Machine learning :
Arthur Samuel already said back in 1959 that "Machine learning is about giving computers "the ability to learn without being explicitly programmed." And this means, for us that we can, for example, create a machine learning model that can detect the difference between a cat and a dog although, we will not explicitly tell our model how this is done.
Machine learning tasks are typically classified into two broad categories, depending on whether there is a learning "signal" or "feedback" available to a learning system:
- Supervised learning: The computer is presented with example inputs and their desired outputs, given by a "teacher", and the goal is to learn a general rule that maps inputs to outputs. As special cases, the input signal can be only partially available, or restricted to special feedback:
- Semi-supervised learning: the computer is given only an incomplete training signal: a training set with some (often many) of the target outputs missing.
- Active learning: the computer can only obtain training labels for a limited set of instances (based on a budget), and also has to optimize its choice of objects to acquire labels for. When used interactively, these can be presented to the user for labeling.
- Reinforcement learning: training data (in form of rewards and punishments) is given only as feedback to the program's actions in a dynamic environment, such as driving a vehicle or playing a game against an opponent.
- Unsupervised learning: No labels are given to the learning algorithm, leaving it on its own to find structure in its input. Unsupervised learning can be a goal in itself (discovering hidden patterns in data) or a means towards an end
Another categorization of machine learning tasks arises when one considers the desired output of a machine-learned system
- In classification, inputs are divided into two or more classes, and the learner must produce a model that assigns unseen inputs to one or more (multi-label classification) of these classes.
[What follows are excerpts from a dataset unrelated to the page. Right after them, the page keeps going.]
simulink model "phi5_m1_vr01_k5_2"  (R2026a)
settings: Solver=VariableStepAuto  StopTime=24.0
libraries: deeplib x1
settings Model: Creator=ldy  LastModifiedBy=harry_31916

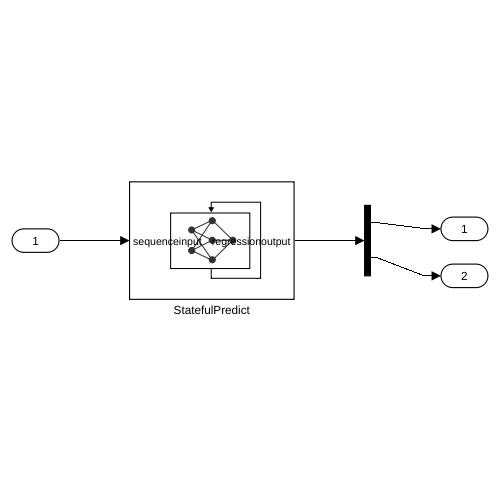
[thumbnail: Simulink's stored preview of the top-level diagram]
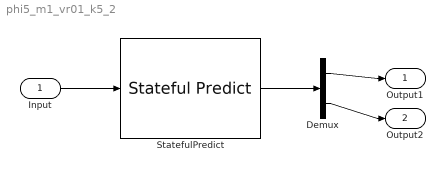
== system phi5_m1_vr01_k5_2 ==
  Input : Inport
  Demux : Demux  Outputs=2
  StatefulPredict : deeplib/Stateful Predict  Network=Network from MAT-file  NetworkFunction=untitled  NetworkFilePath=phi5_m1_vr01_k5_2.mat  SimulateUsing=Auto mode  InputDataFormats={'',''}  SampleTime=1  ForceInterpretedSim=off  EnableDLNetwork=on  LastKnownNetworkFilePath=''  LastKnownNetworkTimeStamp=''
  Output1 : Outport
  Output2 : Outport  Port=2
  wires:
  Input/1 -> StatefulPredict/1
  Demux/1 -> Output1/1
  Demux/2 -> Output2/1
  StatefulPredict/1 -> Demux/1

This is typically tackled in a supervised way. Spam filtering is an example of classification, where the inputs are email (or other) messages and the classes are "spam" and "not spam".
- In regression, also a supervised problem, the outputs are continuous rather than discrete.
- In clustering, a set of inputs is to be divided into groups. Unlike in classification, the groups are not known beforehand, making this typically an unsupervised task.
- Density estimation finds the distribution of inputs in some space.
- Dimensionality reduction simplifies inputs by mapping them into a lower-dimensional space. Topic modeling is a related problem, where a program is given a list of human language documents and is tasked to find out which documents cover similar topics.
Among other categories of machine learning problems, learning to learn learns its own inductive bias based on previous experience. Developmental learning, elaborated for robot learning, generates its own sequences (also called curriculum) of learning situations to cumulatively acquire repertoires of novel skills through autonomous self-exploration and social interaction with human teachers and using guidance mechanisms such as active learning, maturation, motor synergies, and imitation.
What kind of problems can we actually solve with machine learning?
Sentiment analysis, handwriting recognition, and scene classifications are really just three examples. You always have an input that we, as humans can easily interpret, but for a computer program, that's a lot harder. But with already existing machine learning models, we can solve these problems by preparing an input, like an image on the right and pass it througha classifier and get a prediction of what kind of a scene is displayed in that image.
This is also just a small amount of the possibilities that machine learning opens for modern applications. Things like face detections, speaker identification or text prediction is no longer something that only big companies like Apple can do. This is now possible for every developer who uses the Apple ecosystem. Now, you've seen what machine learning offers us.
So with iOS 11, Apple introduced three frameworks that are related to machine learning.Vision, NLP, and Core ML. All of them can be used by your application. And vision is a framework that does everything related to computer vision and images. NLP is all about text processing, natural language processing. You can use it to do things like language identification, tokenization and more. And with Core ML, you can integrate trained machine learning models into your app.